Performance
Cache vs big-O: beat the textbook
Reading that cache dominates big-O is not the same as making the “slow” algorithm win on the clock. Build a benchmark where an O(N) contiguous structure beats an O(log N) pointer-based one, then profile and fix a hot loop until perf stat proves the constant factors are gone.
Turn the unit’s mental model into a reproducible engineering loop: measure with perf, name the constant-factor cause (locality, branch, false sharing, bandwidth), apply the matching layout fix, and verify a real wall-clock speedup with before/after numbers under identical input.
Take a memory-bound hot loop (your own, or the two starters below) and drive a 3–5x wall-clock speedup by fixing constant factors — layout, access order, and branch predictability — without changing the algorithm's big-O, proving each step with perf measurements.
- A before/after table: wall-clock time, IPC, LLC miss rate, and branch-miss rate — all measured under identical input on the same machine, not estimated.
- A perf profile (perf record + annotate, or equivalent) showing the hot line's miss/stall share shrinking after the fix — re-profiled, not assumed.
- A 3–5x speedup on at least one hot loop, with the dominant metric moved into its healthy band (IPC >2.0, or LLC miss <10%, or branch miss <5%, matching the diagnosed cause).
- A one-paragraph write-up naming the constant-factor cause, the lever you used, and the crossover N at which the asymptotically-better structure stops losing.
- Add a cache-oblivious or tiled variant (blocked matrix transpose / multiply) and show it wins at every cache level versus the naive loop, without hard-coding cache sizes.

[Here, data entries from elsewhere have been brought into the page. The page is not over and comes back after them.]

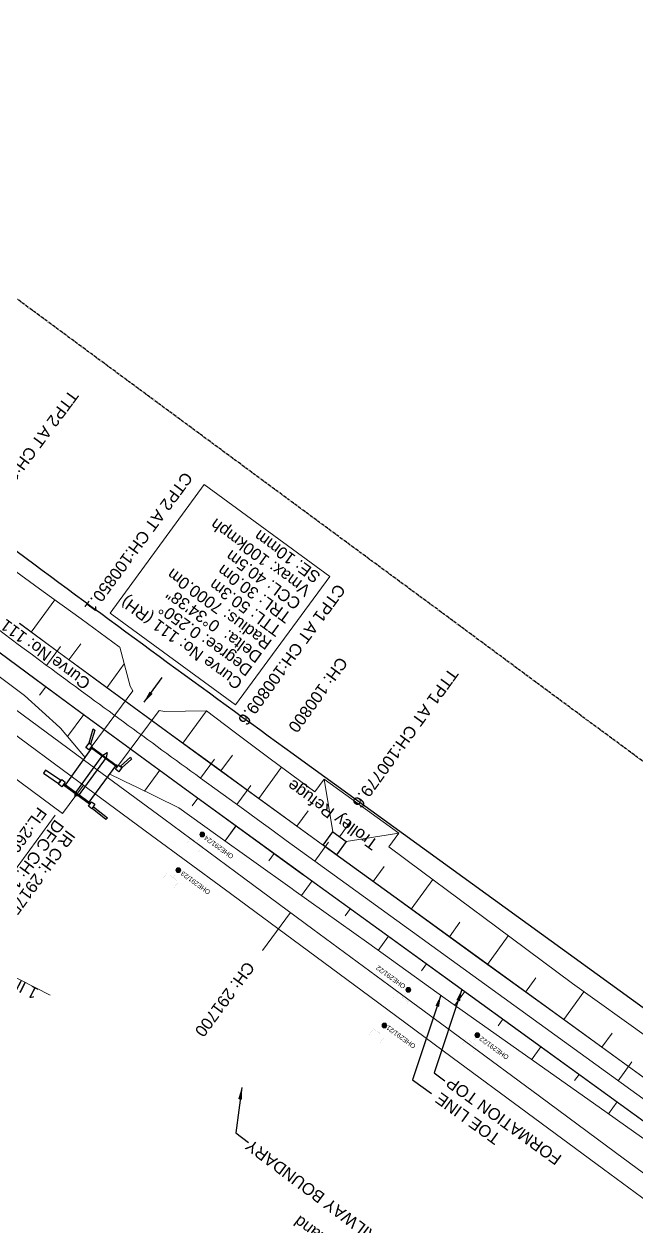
# Model space of a CAD drawing. Header units: metres. Extents: x 644418 to 1306172, y 3366650 to 6747308.
# Drawn here: x 651421.4 to 651551.3, y 3374792.4 to 3375047.8 of the extents above; entities that cross this region are included whole.
import ezdxf
from ezdxf.enums import TextEntityAlignment as Align

# ---------------------------------------------------------------- set-up
doc = ezdxf.new("R2010")
doc.units = ezdxf.units.M
doc.header["$MEASUREMENT"] = 0
doc.linetypes.add('CENTER', pattern=[2, 1.25, -0.25, 0.25, -0.25])
for name, color, linetype, lineweight in [('BRIDGE DETAILS PLAN', 7, 'Continuous', 0), ('CANAL BOTTOM', 5, 'Continuous', 0), ('Cardinal_Leader', 10, 'Continuous', 0), ('Existing Chainage', 7, 'Continuous', 0), ('Existing IR Track', 143, 'Continuous', 0), ('Existing Railway Boundary', 7, 'CENTER', 0), ('OHE MAST', 8, 'Continuous', 0), ('OHE MAST TEXT', 8, 'Continuous', 0), ('Proposed Chainage', 10, 'Continuous', 0), ('Proposed Curve_Details', 10, 'Continuous', 0), ('PROPOSED DFCC TOE LINE', 239, 'Continuous', 0), ('PROPOSED DFCC TOE SLOPES', 239, 'Continuous', 0), ('PROPOSED DFCC TRACK', 1, 'Continuous', 0), ('PROPOSED GRADES IN PLAN', 10, 'Continuous', 0), ('Proposed TPTC Chainages', 1, 'Continuous', 0), ('TEMPORARY CONNECTION', 6, 'Continuous', 0)]:
    doc.layers.add(name, color=color, linetype=linetype, lineweight=lineweight)
for name, color, linetype in [('BRIDGE_PARAPET', 7, 'Continuous'), ('DFCC Boundary', 6, 'CENTER'), ('PIER_OR_ABUTMENT', 7, 'Continuous'), ('PROPOSED DFCC FORMATION LINE', 187, 'Continuous'), ('PROPOSED FORMATION LINE - PLAN', 187, 'Continuous'), ('RETAINING_WALL', 142, 'Continuous'), ('SFL_SOFFIT_LVL', 251, 'Continuous'), ('Side Details', 251, 'Continuous'), ('Trolley Refuse', 10, 'Continuous'), ('WING_WALL', 7, 'Continuous')]:
    doc.layers.add(name, color=color, linetype=linetype)
doc.styles.get("Standard").update_dxf_attribs({"font": 'arial.ttf'})
doc.styles.add('Style-Arial', font='arial.ttf')
doc.dimstyles.new('ISO-25', dxfattribs={"dimtxt": 2.5, "dimasz": 2.5, "dimexe": 1.25, "dimexo": 0.625, "dimtad": 1, "dimtxsty": 'Standard', "dimcen": 2.5, "dimadec": 0, "dimazin": 0, "dimtfac": 1, "dimtmove": 0, "dimatfit": 3, "dimfxl": 1, "dimarcsym": 0})

# ---------------------------------------------------------------- blocks, each defined once
blk = doc.blocks.new('OHE MAST')
h = blk.add_hatch(color=256)
edge = h.paths.add_edge_path()
edge.add_arc((0, 0), 0.514, 0, 360)
at = {"const_width": 0.01, "flags": 128}
for points in [[(1.5, 3.5), (1.5, 2), (-1.5, 2), (-1.5, 3.5)], [(0, 2), (0, 0)]]:
    blk.add_lwpolyline(points, dxfattribs=at)
blk.add_circle((0, 0), 0.514)

msp = doc.modelspace()

# ---------------------------------------------------------------- linework, layer by layer
at = {"layer": 'BRIDGE DETAILS PLAN', "color": 7, "linetype": 'Continuous', "lineweight": 0, "flags": 128}
msp.add_lwpolyline([(651433.9923, 3374886.1038), (651429.5577, 3374880.0922), (651405.341, 3374897.9562), (651389.5224, 3374876.5124)], dxfattribs=at)
at = {"layer": 'BRIDGE_PARAPET', "linetype": 'Continuous'}
for points in [[(651441.127, 3374889.937, 268.269), (651435.59, 3374894.033, 268.237), (651435.717, 3374894.235, 268.237), (651441.2541, 3374890.139, 268.237)], [(651429.887, 3374886.328, 268.278), (651429.765, 3374886.162, 268.279), (651435.303, 3374882.114, 268.258), (651435.425, 3374882.28, 268.258)]]:
    msp.add_polyline3d(points, close=True, dxfattribs=at)
at = {"layer": 'Cardinal_Leader', "lineweight": 0, "flags": 128}
for points in [[(651426.1699, 3374911.5196), (651429.1359, 3374915.5449)], [(651458.8519, 3374887.5843), (651461.7945, 3374891.6267)], [(651483.1316, 3374869.9633), (651486.0655, 3374874.012)]]:
    msp.add_lwpolyline(points, dxfattribs=at)
at = {"layer": 'DFCC Boundary', "ltscale": 0.5, "flags": 128}
msp.add_lwpolyline([(655695.597, 3371812.1897), (655640.8822, 3371912.823), (655580.0449, 3371996.7158), (655509.7792, 3372062.0857), (655426.9534, 3372113.9756), (655342.6069, 3372167.9462), (655257.8854, 3372221.2222), (655173.2688, 3372275.363), (655087.3459, 3372327.2788), (655002.8598, 3372380.6107), (654914.5097, 3372429.9473), (654741.1355, 3372529.4419), (654650.033, 3372576.4159), (654568.6995, 3372626.155), (654571.9877, 3372630.6369), (654391.4686, 3372756.327), (654377.1337, 3372736.8494), (654004.4289, 3373016.6995), (654007.7887, 3373020.6424), (653690.5739, 3373253.6486), (653690.5425, 3373253.6059), (653433.8132, 3373453.1485), (653440.7668, 3373462.5592), (653208.8394, 3373636.5534), (653216.1698, 3373646.5105), (653142.1983, 3373700.8896), (653053.6963, 3373771.1122), (652994.4341, 3373810.5255), (652929.3691, 3373859.5713), (652860.9168, 3373902.1103), (652749.6028, 3373984.4705), (652631.2396, 3374070.7175), (652636.2281, 3374078.1704), (652537.912, 3374145.7283), (652392.904, 3374241.2711), (652388.7719, 3374235.6812), (652308.569, 3374304.8076), (652315.9256, 3374314.7669), (652103.9815, 3374448.7876), (652083.1937, 3374464.1943), (652072.7494, 3374471.9329), (652052.3219, 3374487.0684), (652038.1897, 3374497.5387), (652024.0173, 3374508.0388), (652009.8347, 3374518.5254), (651995.6683, 3374529), (651981.7515, 3374539.2836), (651967.8828, 3374549.5317), (651954.6903, 3374559.2866), (651941.4997, 3374569.04), (651923.9377, 3374582.0168), (651906.3215, 3374595.0337), (651892.0868, 3374605.5547), (651877.7985, 3374616.1153), (651861.6288, 3374628.0564), (651845.5071, 3374639.9619), (651829.5757, 3374651.7544), (651824.7911, 3374655.296), (651813.6747, 3374663.5244), (651797.4592, 3374675.4968), (651792.6217, 3374679.0685), (651809.3453, 3374701.6999), (651798.0335, 3374710.0518), (651782.3495, 3374721.6444), (651766.6655, 3374733.2369), (651750.5163, 3374745.1875), (651734.3118, 3374757.179), (651717.3274, 3374769.6994), (651700.4625, 3374782.1317), (651684.6001, 3374793.8578), (651668.5938, 3374805.6902), (651652.6806, 3374817.4203), (651636.8173, 3374829.1137), (651620.9269, 3374840.8662), (651604.9647, 3374852.6718), (651588.7459, 3374864.6312), (651572.5882, 3374876.5455), (651556.6943, 3374888.2868), (651540.8409, 3374899.9983), (651524.5553, 3374912.0488), (651508.2568, 3374924.109), (651492.7938, 3374935.5157), (651477.3997, 3374946.8715), (651461.3291, 3374958.7436), (651445.2311, 3374970.6359), (651429.3555, 3374982.3615), (651413.4375, 3374994.1184), (651396.6322, 3375006.522), (651379.7761, 3375018.963), (651363.6644, 3375030.8565), (651352.7728, 3375038.8965), (651331.6522, 3375054.4784), (651315.7738, 3375066.1947), (651299.7306, 3375078.0412), (651283.6239, 3375089.9346), (651273.9044, 3375097.1057), (651264.2377, 3375104.2378), (651243.4187, 3375119.6324), (651222.5077, 3375135.095), (651201.5462, 3375150.5784), (651180.4926, 3375166.1298), (651161.7365, 3375179.9701), (651143.0969, 3375193.7244), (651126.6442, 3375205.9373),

- Parallelise the aggregation and deliberately induce false sharing on a shared counter array; show the regression in perf c2c / IPC, then fix it with 64-byte padding and re-measure.
- Add huge pages (madvise(MADV_HUGEPAGE) or hugetlbfs) for a >1 GB working set and measure the TLB-driven throughput change independently of cache locality.
- Add a CI performance gate: run the benchmark on a canary, diff IPC and LLC miss rate against main, and fail the build if either regresses beyond a threshold — the Discord/Bun-style guard against silent layout regressions.
This is the loop you will run in every real performance incident: measure with perf first, name the constant-factor cause from the metrics, fix at the layout level (SoA, struct split, loop reorder, tiling, padding) before reaching for SIMD or a different big-O, and verify with before/after numbers under identical input. Proving the textbook lie once on a benchmark — watching the contiguous O(N) structure beat the pointer-based O(log N) one and then finding the crossover — makes the production instinct muscle memory.